There is nothing I wouldn't do to have you back here with me
November 13, 2017
November 13, 2017
I would like to know where steve is buried thanx linda
November 13, 2017
November 13, 2017
You should still be here on earth this just doesnt seem right at all
soooooooo sad you truly was a one of a kind so special you were so good best person i had ever met in my life its all too much so sorry for you Steve. and Carol will you call me again and leave your number thanx so much linda in salt lake
September 22, 2017
September 22, 2017
Today is a GREAT day! I drove by the Cemetery where Steve was to be buried and there was a canopy up, I did not see anybody there except the grounds keeper, so I left and went back an hour later and Steve has finally been laid to rest next to his parents. He does not have a head stone yet, but his grave is marked with a scarecrow and a windmill that I had placed there a week ago.I can finally go talk to him and i finally can now grieve his loss. I Finally know where he is... Thank you Wright Family for finally doing the wright thing.. God Bless You.
August 21, 2017
August 21, 2017
STEVE ,STEVE, STEVE WHAT THE HECK I SAW YOU AT YOUR HOUSE A FEW DAYS BEFORE YOU PASSED AWAY WHAT THE HECK YOU SEEMED FINE AND JOLLY MY GOSH I AM IN THE BIGGEST SHOCK OF MY LIFE AS I JUST FOUND YOU SO SHOCKED WHAT THE HECK  SO VERY VERY VERY SAD STEVE WHAT THE HECK. SALT LAKE CITY  HEY CAROL WOULD YOU PLEASE CALL ME 801-918-0211 LINDA THANX
June 6, 2017
June 6, 2017
Man I sure could use one if of couple hour talks right about now. U seem to understand and never judged and would help to see things in a different perspective and now I got no one man. Sure wish u were around and if there's is a so called after life or ghosts well hurry up and get your as down here.
May 22, 2017
May 22, 2017
You were always there for me, your loving caring heart was so big there were not enough people for you to give your love and kindness to, you were always welcoming anyone that passed your path, which were many. You could see nothing bad in anyone you only saw the person and gave them your friendship without judgement or reserve.
You had a smile that lite up every room and a don't sweat the small stuff, and it's all small stuff, attitude. Life is good, you would alway say no matter what challenge you were facing.
You made friends as fast and as many as rabbits make babies. You are so loved and so missed that it is a struggle to make it through the days without you. You are and always will be my Blue Eyes.
May 22, 2017
May 22, 2017
Steve

It was only yesterday we had talked
and once again you taught me to percieve
that as years go by friends fade or die
and now it's hard for me to believe.

Believing that you to have now past away
leaving me in a lost and shocking state
you ment so much to me my friend
but you've now crossed through heavens gate.

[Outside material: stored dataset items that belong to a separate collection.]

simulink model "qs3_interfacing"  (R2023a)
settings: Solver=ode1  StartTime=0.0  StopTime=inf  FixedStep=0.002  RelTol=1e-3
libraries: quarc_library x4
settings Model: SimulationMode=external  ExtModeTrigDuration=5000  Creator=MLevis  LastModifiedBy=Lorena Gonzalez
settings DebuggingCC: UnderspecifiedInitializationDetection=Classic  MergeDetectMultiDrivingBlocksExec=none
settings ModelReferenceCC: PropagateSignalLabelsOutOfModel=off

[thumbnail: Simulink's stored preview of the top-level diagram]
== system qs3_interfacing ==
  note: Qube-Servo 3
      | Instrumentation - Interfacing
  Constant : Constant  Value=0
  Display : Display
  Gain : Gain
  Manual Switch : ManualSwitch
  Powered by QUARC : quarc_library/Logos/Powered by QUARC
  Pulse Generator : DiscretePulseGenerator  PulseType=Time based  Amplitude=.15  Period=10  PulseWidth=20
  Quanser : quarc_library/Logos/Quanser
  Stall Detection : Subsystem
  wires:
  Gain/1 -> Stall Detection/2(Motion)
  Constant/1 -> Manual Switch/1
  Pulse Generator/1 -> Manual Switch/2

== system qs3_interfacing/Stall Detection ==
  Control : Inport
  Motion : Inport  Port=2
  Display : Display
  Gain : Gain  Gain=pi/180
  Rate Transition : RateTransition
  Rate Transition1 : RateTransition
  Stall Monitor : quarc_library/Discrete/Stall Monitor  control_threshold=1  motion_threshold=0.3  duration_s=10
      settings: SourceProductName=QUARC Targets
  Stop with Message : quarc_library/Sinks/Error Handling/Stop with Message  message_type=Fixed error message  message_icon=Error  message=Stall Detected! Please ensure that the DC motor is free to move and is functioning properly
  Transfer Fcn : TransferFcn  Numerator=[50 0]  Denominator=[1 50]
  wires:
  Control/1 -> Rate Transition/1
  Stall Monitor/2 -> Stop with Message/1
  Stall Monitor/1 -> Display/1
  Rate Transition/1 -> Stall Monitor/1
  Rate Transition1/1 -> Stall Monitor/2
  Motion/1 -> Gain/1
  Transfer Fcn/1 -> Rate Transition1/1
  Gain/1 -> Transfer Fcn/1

It's you who I looked up to
and your lessons were clearly learned
your wisdom and your integrity
Is now another page a friendship I earned.

I'll miss you dear friend and I'll cherish
each and every day we were together
it's just so hard to imagine you gone
I will dearly miss you forever.

But the most important thing you taught
was to never let anyone put me down
and never change my honesty
stand tall with my feet on the ground.

So until we meet again dear friend
I will walk this earth and I'll smile
remembering that you always believed in me
and that our friendship was worth the while.

written by Jackie Cevering

I miss you Steve and Love you very much Thank you for being there for me when I truly needed a friend...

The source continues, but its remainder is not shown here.